Acute toxicity: dermal (read across):

In the key acute dermal toxicity study (BASF AG, 1980; 78/908), groups of 3 Sprague Dawley rats/sex were given a single dermal application of neat Härter 421 flüssig, i.e. the read across reference substance 2 -Aminoethanol hydrochloride (source chemical), at doses of 1000 or 4000 mg/kg bw (dose volume adjusted) and observed for 14 days. Mortality incidence, clinical signs and body weights were assessed during the observation period. All survivors were necropsied at the end of the observation period. Dermal administration of the test substance resulted in no mortality, no relevant clinical findings and no effect on the body weight. At necropsy, there were no test item-related macroscopic findings. Under the conditions of this study, the combined dermal LD50 for male and female rats was determined to be > 4000 mg/kg bw. This study was classified as appropriate for read across assessment, i.e. prediction of the endpoint for the target chemical (2 -Hydroxyethyl)ammonium nitrate.

Based on reliable supporting data, the corrosive source chemical 2 -Aminoethanol displayed the highest acute toxicity hazard for the dermal route with a LD50 of 2504 mg/kg bw determined in rabbits (Union Carbide Corporation, 1988; 51 -86), while Potassium nitrate revealed no acute toxicity hazard via the dermal route when tested in rats (Product Safety Labs, 2000; 9742).

Considering the weight proportion of the toxicologically relevant source chemical 2 -Aminoethanol in the target chemical (2 -Hydroxyethyl)ammonium nitrate (49.2 % w/w) and using a conservative approach, the LD50 of >4000 mg/kg bw determined for the source chemical 2 -Aminoethanol hydrochloride in the key study is considered to represent the appropriate dose descriptor for the acute dermal toxicity hazard related to (2 -Hydroxyethyl)ammonium nitrate. This assessment is considered conservative, since read-across from the LD50 value of 2504 mg/kg bw determined for the the source chemical 2 -Aminoethanol would result in a higher LD50 value for the target chemical (2 -Hydroxyethyl)ammonium nitrate, i.e. LD50 of 5089 mg/kg bw (2504 mg/kg bw / 0.492).
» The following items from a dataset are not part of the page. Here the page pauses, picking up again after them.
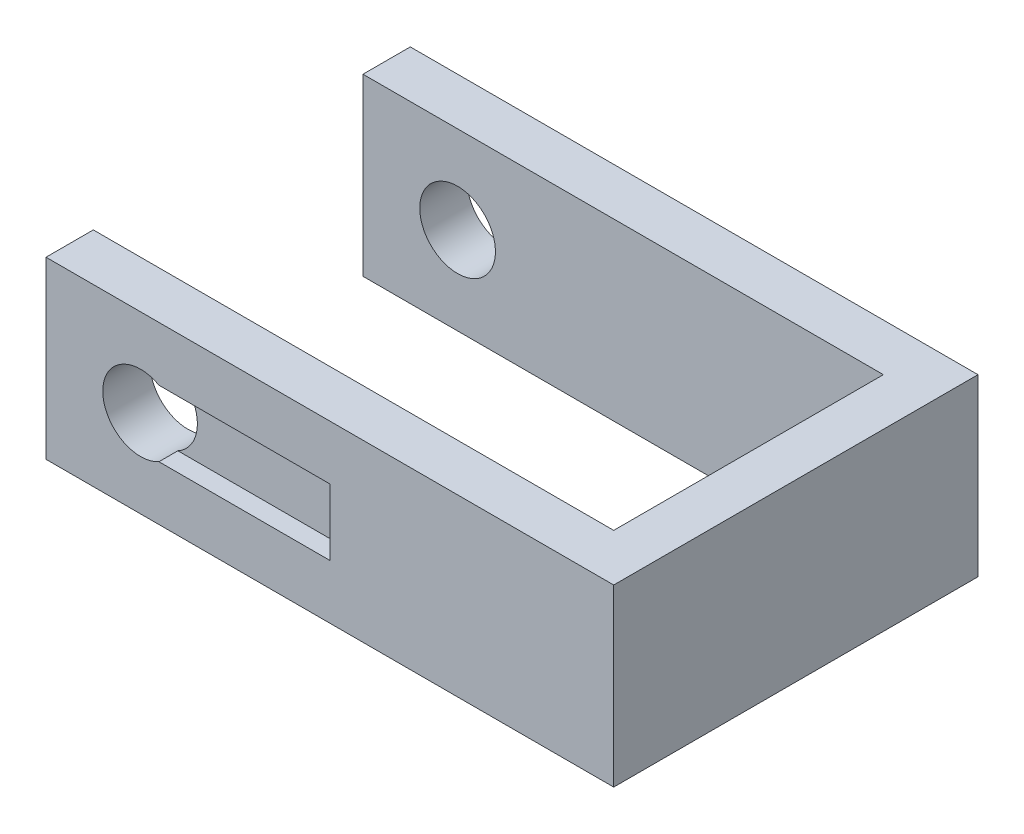
SolidWorks part; units mm, degrees
ref_plane "Front Plane" through (0, 0, 0) normal (0, 0, 1) x (1, 0, 0)
ref_plane "Top Plane" through (0, 0, 0) normal (0, 1, 0) x (1, 0, 0)
ref_plane "Right Plane" through (0, 0, 0) normal (1, 0, 0) x (0, 0, -1)
sketch "Sketch1" plane through (0, 0, 0) normal (0, 1, 0) x (1, 0, 0)
  line L0 (-2.5, 14.25) -> (-2.5, -0.75)
  line L1 (2.5, -14.25) -> (-2.5, -14.25)
  line L2 (2.5, -14.25) -> (2.5, 14.25)
  line L3 (2.5, 14.25) -> (-2.5, 14.25)
  line L4 (-2.5, -14.25) -> (-2.5, 14.25)
  line L5 (2.5, -14.25) -> (-2.5, 14.25) construction
  line L6 (2.5, 14.25) -> (-2.5, -14.25) construction
  line L7 (2.5, 14.25) -> (-57.5, 14.25)
  line L8 (2.5, 14.25) -> (2.5, 19.25)
  line L9 (-57.5, 14.25) -> (-57.5, 19.25)
  line L10 (0, 0) -> (-57.5, 0) construction
  line L11 (2.5, 19.25) -> (-57.5, 19.25)
  line L12 (2.5, -14.25) -> (2.5, -19.25)
  line L13 (-57.5, -14.25) -> (-57.5, -19.25)
  line L14 (2.5, -19.25) -> (-57.5, -19.25)
  line L15 (2.5, -14.25) -> (-57.5, -14.25)
  line L16 (2.5, 0) -> (-57.5, 0) construction
  point P0 (0, 0)
  dimension "D1" = 28.5
  dimension "D2" = 5
  dimension "D3" = 60
  dimension "D4" = 5
extrude "Boss-Extrude2" add sketch "Sketch1" against normal blind 18.5 contours L1 L15 L13 L14 L12 | L4 L1 L2 L3 L0 | L8 L11 L9 L7 L3 region at (0, 0, 0) region at (-27.5, 0, -16.75) region at (-27.5, 0, 16.75)
sketch "Sketch5" plane through (0, 0, 19.25) normal (0, 0, 1) x (1, 0, 0)
  line L0 (-57.5, -9.25) -> (2.5, -9.25) construction
  line L1 (-57.5, -18.5) -> (-57.5, 0) construction
  line L2 (2.5, -18.5) -> (2.5, 0) construction
  circle A0 centre (-47.5, -9.25) radius 4
  dimension "D1" = 8
  dimension "D2" = 10
extrude "Cut-Extrude3" cut sketch "Sketch5" against normal blind 38.5
sketch "Sketch6" plane through (0, 0, 19.25) normal (0, 0, 1) x (1, 0, 0)
  line L0 (-57.5, -18.5) -> (-57.5, 0) construction
  line L1 (-27.5, -12.75) -> (-47.5, -12.75)
  line L2 (-27.5, -12.75) -> (-27.5, -5.75)
  line L3 (-27.5, -5.75) -> (-47.5, -5.75)
  line L4 (-47.5, -12.75) -> (-47.5, -5.75)
  line L5 (-27.5, -12.75) -> (-47.5, -5.75) construction
  line L6 (-27.5, -5.75) -> (-47.5, -12.75) construction
  circle A0 centre (-47.5, -9.25) radius 4 construction
  point P0 (-37.5, -9.25)
  point P7 (-57.5, -9.25)
  dimension "D1" = 0
  dimension "D2" = 7
  dimension "D3" = 20
  dimension "D4" = 0
extrude "Cut-Extrude4" cut sketch "Sketch6" against normal blind 2
sketch "Sketch8" plane through (0, 0, -19.25) normal (0, 0, -1) x (-1, 0, 0)
  line L0 (47.5, -12.75) -> (27.5, -12.75)
  line L1 (47.5, -12.75) -> (47.5, -5.75)
  line L2 (47.5, -5.75) -> (27.5, -5.75)
  line L3 (27.5, -12.75) -> (27.5, -5.75)
  line L4 (47.5, -12.75) -> (27.5, -5.75) construction
  line L5 (47.5, -5.75) -> (27.5, -12.75) construction
  line L7 (57.5, -18.5) -> (57.5, 0) construction
  circle A0 centre (47.5, -9.25) radius 4 construction
  point P0 (37.5, -9.25)
  point P9 (57.5, -9.25)
  dimension "D1" = 7
  dimension "D2" = 20
  dimension "D3" = 3.5
  dimension "D4" = 0
extrude "Cut-Extrude5" cut sketch "Sketch8" against normal blind 2
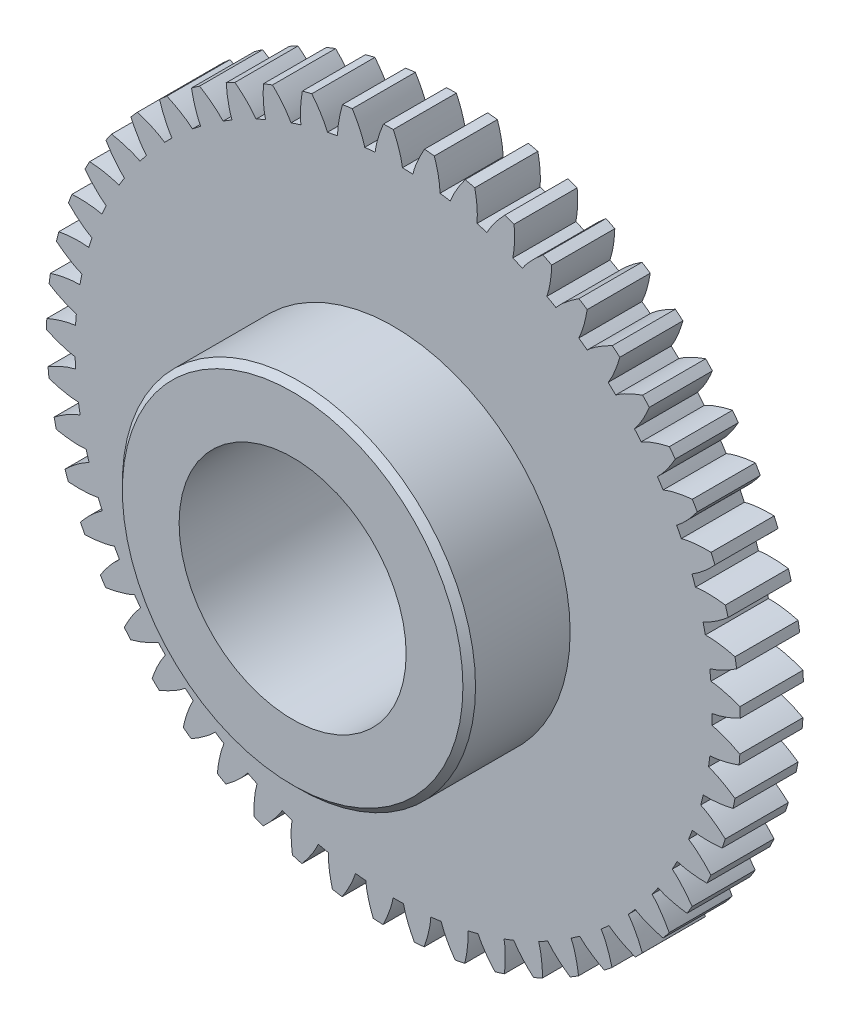
SolidWorks part; units mm, degrees
ref_plane "前视基准面" through (0, 0, 0) normal (0, 0, 1) x (1, 0, 0)
ref_plane "上视基准面" through (0, 0, 0) normal (0, 1, 0) x (1, 0, 0)
ref_plane "右视基准面" through (0, 0, 0) normal (1, 0, 0) x (0, 0, -1)
sketch "草图1" plane through (0, 0, 0) normal (0, 0, 1) x (1, 0, 0)
  circle A0 centre (0, 0) radius 25.25
extrude "凸台-拉伸1" add sketch "草图1" along normal blind 5
sketch "草图2" plane through (0, 0, 0) normal (0, 0, 1) x (1, 0, 0)
  arc A0 (27.4526, 1.6134) -> (27.4873, 0.8353) centre (0, 0) cw
  arc A1 (24.8031, 2.2154) -> (24.9019, 0) centre (0, 0) cw
  spline S0 degree 3 poles (27.4873, 0.8353) (27.2074, 0.6937) (26.7823, 0.4994) (26.2031, 0.2844) (25.6321, 0.1085) (25.1958, 0.0175) (24.9019, 0) knots 0 0 0 0 0.344416 0.512486 0.677795 1 1 1 1
  spline S1 degree 3 poles (27.4526, 1.6134) (27.1612, 1.7296) (26.7205, 1.8853) (26.1245, 2.0479) (25.5401, 2.1724) (25.0975, 2.2242) (24.8031, 2.2154) knots 0 0 0 0 0.344416 0.512486 0.677795 1 1 1 1
extrude "凸台-拉伸2" add sketch "草图2" along normal blind 5
pattern_circular "阵列(圆周)1" count 53 over 360 about axis through (0, 0, 5) along (0, 0, -1) of "凸台-拉伸2"
sketch "草图3" plane through (0, 0, 5) normal (0, 0, 1) x (1, 0, 0)
  circle A0 centre (0, 0) radius 14
  dimension "D1" = 28
extrude "凸台-拉伸3" add sketch "草图3" along normal blind 8
sketch "草图4" plane through (0, 0, 13) normal (0, 0, 1) x (1, 0, 0)
  circle A0 centre (0, 0) radius 9
  dimension "D1" = 18
extrude "切除-拉伸1" cut sketch "草图4" against normal through all
chamfer "倒角1" distance 0.5 angle 45 1 edges at (14, 0, 13)
sketch "草图5" plane through (0, 0, 0) normal (0, 0, -1) x (-1, 0, 0)
  line L0 (0, 0) -> (0, 9) construction
  circle A0 centre (0, 0) radius 9 construction
hole_wizard "M4 螺纹孔2" positions "3D草图2" profile "草图7" tap size "M4" standard "GB"
sketch3d "3D草图2"
  point P0 (0, 9, 0)
sketch "草图7" plane through (0, 9, 0) normal (1, 0, 0) x (0, 1, 0)
  line L0 (0, 0) -> (0, 8)
  line L1 (0, 8) -> (1.65, 7.0086)
  line L2 (1.65, 7.0086) -> (1.65, 0)
  line L5 (1.65, 0) -> (0, 0)
  line L10 (0, 8) -> (-1.65, 7.0086) construction
  line L11 (0, -6.35) -> (0, 107.95) construction
  dimension "螺纹孔钻头直径" = 3.3
  dimension "螺纹孔钻头深度" = 8
  dimension "导头角度" = 118
cosmetic thread "孔螺纹线2" parameters "D1"=7, "D2"=4
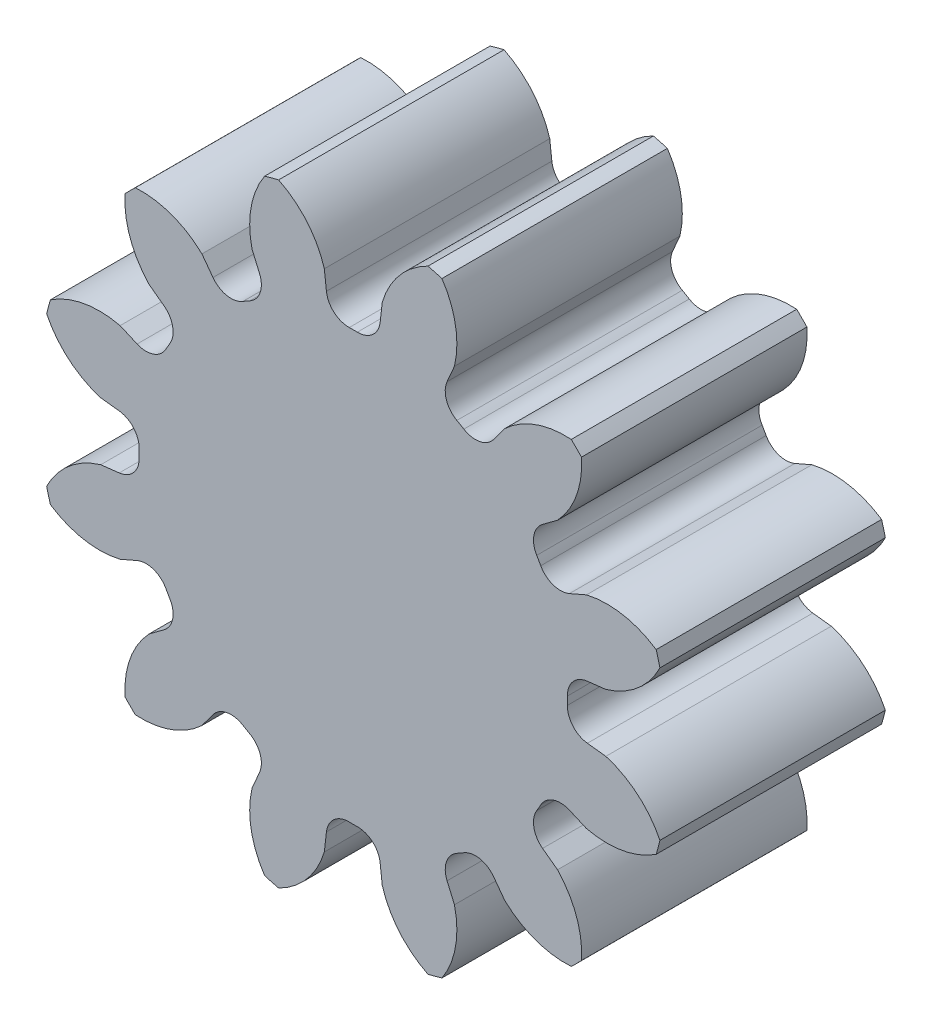
SolidWorks part; units mm, degrees
ref_plane "前视基准面" through (0, 0, 0) normal (0, 0, 1) x (1, 0, 0)
ref_plane "上视基准面" through (0, 0, 0) normal (0, 1, 0) x (1, 0, 0)
ref_plane "右视基准面" through (0, 0, 0) normal (1, 0, 0) x (0, 0, -1)
sketch "Sketch1" plane through (0, 0, 0) normal (0, 0, 1) x (1, 0, 0)
  line L0 (0, 0) -> (2.5197, 5.0438) construction
  line L1 (0, 0) -> (0, 7) construction
  line L2 (0, 0) -> (1.8117, 6.7615) construction
  line L3 (0, 0) -> (0.6426, 5.6014)
  line L4 (0, 0) -> (-0.6426, 5.6014)
  circle A0 centre (0, 0) radius 7
  circle A1 centre (0, 0) radius 4.75
  circle A2 centre (0, 0) radius 6 construction
  circle A3 centre (0, 0) radius 5.6382 construction
  arc A4 (0.6426, 5.6014) -> (1.6562, 6.8013) centre (2.5197, 5.0438) cw
  arc A5 (0.7832, 5.9487) -> (1.5529, 5.7956) centre (0, 0) cw
  arc A6 (-0.6426, 5.6014) -> (-1.6562, 6.8013) centre (-2.5197, 5.0438) ccw
  point P11 (1.5529, 5.7956)
  point P12 (0.7832, 5.9487)
  dimension "da" = 14
  dimension "df" = 9.5
  dimension "db" = 11.2763
  dimension "dp" = 12
  dimension "deg_from180" = 15
  dimension "alpha" = 20
  dimension "s_half" = 0.7854
extrude "Da_circle" add sketch "Sketch1" along normal mid plane 5 contours A0
extrude "one_teeth" cut sketch "Sketch" against normal through all both and the other way through all contours A6 L4 A1 L3 A4 A0 region at (0, 6.0686, 0)
sketch "Sketch" plane through (0, 0, 0) normal (0, 0, 1) x (1, 0, 0) same geometry as "Sketch1"
fillet "Fillet_for_high" radius 0.5 2 edges at (-0.5414, 4.719, 0) (0.5414, 4.719, 0)
pattern_circular "CirPattern_for_high" count 12 over 360 about axis through (0, 0, 2.5) along (0, 0, -1) of "one_teeth", "Fillet_for_high" reverse direction yes
fillet "Fillet_for_low" [suppressed] radius 0.1
pattern_circular "CirPattern_for_low" [suppressed] count 12 over 360 of bodies 107

Justification for classification or non-classification

Considering acute toxicity data of the source chemicals idenitifed for read-across assessment (section 13), 2 -Aminoethanol is currently classified as Xn; R20/21/22 according to Directive 67/548/EEC (DSD) and as Acute Tox 4; H332, H312, H302 according to Regulation (EC) No 1272/2008 (CLP/GHS).

Referring to the acute toxicity effect levels identified for (2 -Hydroxyethyl)ammonium nitrate, the substance is not subject to classification for acute toxicity according to Directive 67/548/EEC and Regulation (EC) No 1272/2008. The criteria for specific target organ toxicity after single exposure (STOT SE) are not met.